Description: Table 2 presents the distribution of smoking status across different age groups for both men and women. The general pattern indicates that smoking prevalence tends to increase from the younger age groups to middle age and then decreases in older age groups. Among men, the proportion of ex-smokers tends to be higher in older age groups, while the percentage of current smokers peaks in the 60-69 age group. For women, the trend is similar, with the percentage of current smokers peaking in the 60-69 age group and a higher prevalence of ex-smokers among older women.
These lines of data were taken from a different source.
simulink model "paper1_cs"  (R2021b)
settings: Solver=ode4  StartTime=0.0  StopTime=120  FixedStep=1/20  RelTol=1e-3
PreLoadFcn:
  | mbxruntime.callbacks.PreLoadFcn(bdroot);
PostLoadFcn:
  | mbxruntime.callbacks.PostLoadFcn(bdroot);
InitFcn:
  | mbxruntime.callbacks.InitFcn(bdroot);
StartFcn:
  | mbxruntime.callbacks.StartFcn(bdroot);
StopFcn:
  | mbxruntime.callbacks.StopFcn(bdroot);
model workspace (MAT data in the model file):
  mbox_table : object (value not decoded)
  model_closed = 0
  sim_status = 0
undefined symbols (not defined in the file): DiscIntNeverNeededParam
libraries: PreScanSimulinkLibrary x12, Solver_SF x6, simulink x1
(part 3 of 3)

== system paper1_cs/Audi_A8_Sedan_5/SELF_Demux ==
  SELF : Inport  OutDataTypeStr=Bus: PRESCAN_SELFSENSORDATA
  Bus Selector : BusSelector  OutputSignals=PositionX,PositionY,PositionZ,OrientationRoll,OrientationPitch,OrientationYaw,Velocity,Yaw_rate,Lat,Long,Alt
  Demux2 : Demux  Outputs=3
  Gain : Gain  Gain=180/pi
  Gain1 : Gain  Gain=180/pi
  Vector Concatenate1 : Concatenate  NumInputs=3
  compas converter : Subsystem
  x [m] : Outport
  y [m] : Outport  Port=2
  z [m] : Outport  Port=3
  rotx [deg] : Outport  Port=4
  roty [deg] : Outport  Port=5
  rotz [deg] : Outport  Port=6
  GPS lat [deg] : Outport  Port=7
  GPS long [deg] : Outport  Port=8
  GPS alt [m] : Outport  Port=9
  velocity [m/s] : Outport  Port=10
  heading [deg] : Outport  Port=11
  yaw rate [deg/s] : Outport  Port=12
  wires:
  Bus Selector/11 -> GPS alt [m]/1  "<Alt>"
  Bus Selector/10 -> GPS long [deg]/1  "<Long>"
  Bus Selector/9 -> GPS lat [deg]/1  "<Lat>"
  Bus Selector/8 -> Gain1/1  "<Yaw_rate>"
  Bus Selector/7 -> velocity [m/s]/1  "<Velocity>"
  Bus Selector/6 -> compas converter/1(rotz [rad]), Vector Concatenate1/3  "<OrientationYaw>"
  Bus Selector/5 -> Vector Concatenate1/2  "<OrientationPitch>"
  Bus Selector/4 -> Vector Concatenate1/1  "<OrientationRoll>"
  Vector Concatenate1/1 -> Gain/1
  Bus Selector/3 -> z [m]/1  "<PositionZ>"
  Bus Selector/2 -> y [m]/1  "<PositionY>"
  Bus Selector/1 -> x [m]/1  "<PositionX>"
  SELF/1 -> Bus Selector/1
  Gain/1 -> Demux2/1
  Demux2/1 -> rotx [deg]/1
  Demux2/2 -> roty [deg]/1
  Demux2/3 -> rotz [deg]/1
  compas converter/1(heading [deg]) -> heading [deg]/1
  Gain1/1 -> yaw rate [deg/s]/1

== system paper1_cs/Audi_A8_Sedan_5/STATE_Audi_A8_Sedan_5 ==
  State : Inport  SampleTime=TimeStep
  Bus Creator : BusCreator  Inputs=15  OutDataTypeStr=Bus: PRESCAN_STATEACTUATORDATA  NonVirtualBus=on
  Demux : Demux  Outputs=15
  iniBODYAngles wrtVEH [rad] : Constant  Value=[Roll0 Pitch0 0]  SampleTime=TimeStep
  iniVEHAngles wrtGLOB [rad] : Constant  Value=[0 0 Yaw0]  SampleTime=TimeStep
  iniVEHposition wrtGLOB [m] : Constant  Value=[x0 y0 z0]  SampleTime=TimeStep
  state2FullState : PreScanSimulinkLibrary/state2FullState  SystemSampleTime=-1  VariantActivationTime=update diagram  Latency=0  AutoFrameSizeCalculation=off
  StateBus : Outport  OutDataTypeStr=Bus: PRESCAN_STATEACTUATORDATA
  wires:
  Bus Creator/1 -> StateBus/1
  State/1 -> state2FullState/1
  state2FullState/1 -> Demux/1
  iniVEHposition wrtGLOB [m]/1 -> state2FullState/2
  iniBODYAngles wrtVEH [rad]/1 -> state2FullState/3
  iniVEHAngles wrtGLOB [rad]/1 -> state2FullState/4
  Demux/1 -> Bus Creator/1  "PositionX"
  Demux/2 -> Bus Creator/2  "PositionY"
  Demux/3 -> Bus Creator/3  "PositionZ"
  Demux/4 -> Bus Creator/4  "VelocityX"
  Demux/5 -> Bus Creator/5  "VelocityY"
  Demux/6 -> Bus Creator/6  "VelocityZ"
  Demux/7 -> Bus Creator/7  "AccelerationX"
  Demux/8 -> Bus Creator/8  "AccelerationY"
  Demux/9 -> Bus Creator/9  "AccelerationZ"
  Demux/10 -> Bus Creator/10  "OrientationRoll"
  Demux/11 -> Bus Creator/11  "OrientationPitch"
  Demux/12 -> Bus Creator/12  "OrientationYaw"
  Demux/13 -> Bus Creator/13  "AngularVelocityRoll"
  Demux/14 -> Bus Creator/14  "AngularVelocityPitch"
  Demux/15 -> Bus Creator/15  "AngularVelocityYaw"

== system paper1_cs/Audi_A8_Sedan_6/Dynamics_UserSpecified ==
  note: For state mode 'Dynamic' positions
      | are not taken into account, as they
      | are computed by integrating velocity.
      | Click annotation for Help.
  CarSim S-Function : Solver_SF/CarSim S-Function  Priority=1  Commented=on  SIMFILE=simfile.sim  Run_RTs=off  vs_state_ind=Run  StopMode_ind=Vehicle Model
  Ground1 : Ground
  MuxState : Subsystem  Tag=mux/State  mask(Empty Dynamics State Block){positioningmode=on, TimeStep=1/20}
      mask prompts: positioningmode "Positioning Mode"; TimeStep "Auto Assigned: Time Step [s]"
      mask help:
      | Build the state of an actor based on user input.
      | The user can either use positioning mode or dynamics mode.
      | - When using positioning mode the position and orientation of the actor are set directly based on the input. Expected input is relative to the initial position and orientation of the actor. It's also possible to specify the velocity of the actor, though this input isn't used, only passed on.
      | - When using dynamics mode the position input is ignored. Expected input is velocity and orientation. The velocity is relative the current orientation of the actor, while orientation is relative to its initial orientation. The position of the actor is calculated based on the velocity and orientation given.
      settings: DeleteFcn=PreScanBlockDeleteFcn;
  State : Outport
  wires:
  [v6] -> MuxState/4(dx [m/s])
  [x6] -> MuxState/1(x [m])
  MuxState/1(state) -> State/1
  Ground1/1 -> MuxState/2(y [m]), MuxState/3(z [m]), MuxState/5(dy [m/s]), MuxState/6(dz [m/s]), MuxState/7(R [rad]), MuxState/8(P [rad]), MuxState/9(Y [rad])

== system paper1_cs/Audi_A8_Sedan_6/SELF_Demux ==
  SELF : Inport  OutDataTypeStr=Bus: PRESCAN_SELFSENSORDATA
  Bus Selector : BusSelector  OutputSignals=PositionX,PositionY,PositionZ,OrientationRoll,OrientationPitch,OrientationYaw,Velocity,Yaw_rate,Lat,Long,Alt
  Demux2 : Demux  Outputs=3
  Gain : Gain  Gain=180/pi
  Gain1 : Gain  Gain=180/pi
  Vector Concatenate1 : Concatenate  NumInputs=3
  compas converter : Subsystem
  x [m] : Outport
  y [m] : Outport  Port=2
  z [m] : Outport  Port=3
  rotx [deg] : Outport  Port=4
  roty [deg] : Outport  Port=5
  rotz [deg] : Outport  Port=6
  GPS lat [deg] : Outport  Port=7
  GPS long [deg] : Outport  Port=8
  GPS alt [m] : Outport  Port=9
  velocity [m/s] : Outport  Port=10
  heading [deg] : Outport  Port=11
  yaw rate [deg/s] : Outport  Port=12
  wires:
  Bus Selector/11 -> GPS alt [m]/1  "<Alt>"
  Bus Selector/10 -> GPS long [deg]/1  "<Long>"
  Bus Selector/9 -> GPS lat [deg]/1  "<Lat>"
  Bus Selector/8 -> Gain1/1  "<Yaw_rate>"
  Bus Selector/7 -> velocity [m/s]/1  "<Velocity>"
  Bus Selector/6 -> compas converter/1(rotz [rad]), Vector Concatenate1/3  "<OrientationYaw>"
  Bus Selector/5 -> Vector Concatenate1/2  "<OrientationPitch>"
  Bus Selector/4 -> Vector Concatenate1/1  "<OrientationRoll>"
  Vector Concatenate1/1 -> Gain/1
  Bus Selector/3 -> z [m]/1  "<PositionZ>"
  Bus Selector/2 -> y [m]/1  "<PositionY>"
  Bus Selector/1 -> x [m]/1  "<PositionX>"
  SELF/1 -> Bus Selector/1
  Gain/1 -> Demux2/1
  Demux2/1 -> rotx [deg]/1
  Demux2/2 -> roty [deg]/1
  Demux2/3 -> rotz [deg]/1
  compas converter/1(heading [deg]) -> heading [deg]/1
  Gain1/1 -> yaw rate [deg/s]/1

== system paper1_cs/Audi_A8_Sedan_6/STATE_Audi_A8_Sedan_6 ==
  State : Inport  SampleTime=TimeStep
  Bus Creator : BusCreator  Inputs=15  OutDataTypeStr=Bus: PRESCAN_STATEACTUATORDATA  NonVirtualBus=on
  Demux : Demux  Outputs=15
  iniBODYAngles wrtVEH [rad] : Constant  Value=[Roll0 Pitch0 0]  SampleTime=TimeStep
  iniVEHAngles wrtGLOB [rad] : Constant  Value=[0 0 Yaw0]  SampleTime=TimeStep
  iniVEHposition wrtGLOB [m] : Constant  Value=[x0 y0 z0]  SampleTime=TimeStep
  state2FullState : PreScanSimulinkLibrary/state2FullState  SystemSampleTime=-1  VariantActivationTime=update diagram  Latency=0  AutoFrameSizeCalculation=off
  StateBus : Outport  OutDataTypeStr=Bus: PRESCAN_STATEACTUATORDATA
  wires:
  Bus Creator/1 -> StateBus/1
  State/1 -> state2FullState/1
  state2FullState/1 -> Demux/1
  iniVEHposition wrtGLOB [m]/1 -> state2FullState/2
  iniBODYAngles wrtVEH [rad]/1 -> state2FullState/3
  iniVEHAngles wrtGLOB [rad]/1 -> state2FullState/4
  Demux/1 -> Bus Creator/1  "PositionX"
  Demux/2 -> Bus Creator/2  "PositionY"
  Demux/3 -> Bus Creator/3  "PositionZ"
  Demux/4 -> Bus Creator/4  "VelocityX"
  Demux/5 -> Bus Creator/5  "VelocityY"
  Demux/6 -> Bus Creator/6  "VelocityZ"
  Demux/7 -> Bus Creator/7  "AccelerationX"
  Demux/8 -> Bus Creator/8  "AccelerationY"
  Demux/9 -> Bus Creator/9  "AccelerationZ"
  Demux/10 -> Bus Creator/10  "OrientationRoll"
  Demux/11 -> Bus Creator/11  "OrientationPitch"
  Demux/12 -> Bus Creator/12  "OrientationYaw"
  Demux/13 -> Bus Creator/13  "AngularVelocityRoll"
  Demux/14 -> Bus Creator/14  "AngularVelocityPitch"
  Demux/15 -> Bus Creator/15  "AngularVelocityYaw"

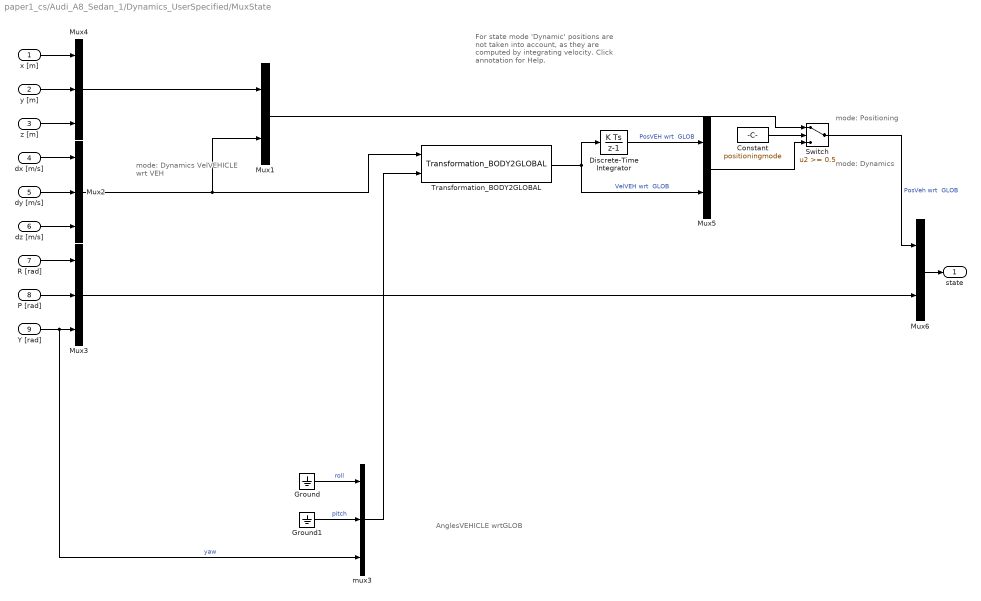
== system paper1_cs/Audi_A8_Sedan_1/Dynamics_UserSpecified/MuxState ==
  note: mode: Dynamics
  note: mode: Positioning
  note: mode: Dynamics
      | VelVEHICLE
      | wrt VEH
  note: AnglesVEHICLE
      | wrtGLOB
  note: For state mode 'Dynamic' positions
      | are not taken into account, as they
      | are computed by integrating velocity.
      | Click annotation for Help.
  x [m] : Inport  SampleTime=TimeStep
  y [m] : Inport  Port=2  SampleTime=TimeStep
  z [m] : Inport  Port=3  SampleTime=TimeStep
  dx [m/s] : Inport  Port=4  SampleTime=TimeStep
  dy [m/s] : Inport  Port=5  SampleTime=TimeStep
  dz [m/s] : Inport  Port=6  SampleTime=TimeStep
  R [rad] : Inport  Port=7  SampleTime=TimeStep
  P [rad] : Inport  Port=8  SampleTime=TimeStep
  Y [rad] : Inport  Port=9  SampleTime=TimeStep
  Constant : Constant  DisableCoverage=on  Value=positioningmode
  Discrete-Time Integrator : DiscreteIntegrator  SampleTime=TimeStep  ICPrevOutput=DiscIntNeverNeededParam  ICPrevScaledInput=DiscIntNeverNeededParam
  Ground : Ground
  Ground1 : Ground
  Mux1 : Mux  Inputs=[3 3]
  Mux2 : Mux  Inputs=3
  Mux3 : Mux  Inputs=3
  Mux4 : Mux  Inputs=3
  Mux5 : Mux  Inputs=[3 3]
  Mux6 : Mux  Inputs=[6 3]
  Switch : Switch  Threshold=0.5
  Transformation_BODY2GLOBAL : PreScanSimulinkLibrary/Simple_Vehicle_Dynamics/Chassis/MuxDynState/Transformation_BODY2GLOBAL  SystemSampleTime=-1  VariantActivationTime=update diagram  Latency=0  AutoFrameSizeCalculation=off
  mux3 : Mux  Inputs=3
  state : Outport
  wires:
  Constant/1 -> Switch/2
  Mux6/1 -> state/1
  Mux4/1 -> Mux1/1
  Mux5/1 -> Switch/3
  Mux1/1 -> Switch/1
  Switch/1 -> Mux6/1  "PosVeh wrt  GLOB"
  P [rad]/1 -> Mux3/2
  R [rad]/1 -> Mux3/1
  dz [m/s]/1 -> Mux2/3
  dy [m/s]/1 -> Mux2/2
  dx [m/s]/1 -> Mux2/1
  z [m]/1 -> Mux4/3
  y [m]/1 -> Mux4/2
  x [m]/1 -> Mux4/1
  Ground1/1 -> mux3/2  "pitch"
  Y [rad]/1 -> mux3/3, Mux3/3  "yaw"
  Mux3/1 -> Mux6/2
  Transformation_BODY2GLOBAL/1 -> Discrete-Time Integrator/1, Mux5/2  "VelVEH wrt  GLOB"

Focus on Age Groups Below 30: In the youngest age group (<25), the percentage of never-smokers is notably high for both men (78%) and women (76%). The percentage of current smokers is relatively low in this group, with 12% of men and women reporting smoking currently. In the 25-30 age group, there is a slight increase in the proportion of ex-smokers, especially among women (21%). The percentage of never-smokers remains high, indicating a general trend of declining smoking initiation among younger individuals, with both men and women showing similar patterns of smoking behavior in these age groups.

Conclusion

The analysis indicates that smoking patterns are similar between men and women, with no significant sex differences observed, especially among the younger age groups. The youngest participants (<25) show a high proportion of never-smokers, and the prevalence of smoking is relatively low, suggesting positive trends in smoking prevention efforts among young adults. These findings highlight the importance of continuing smoking prevention programs to maintain and enhance these positive trends.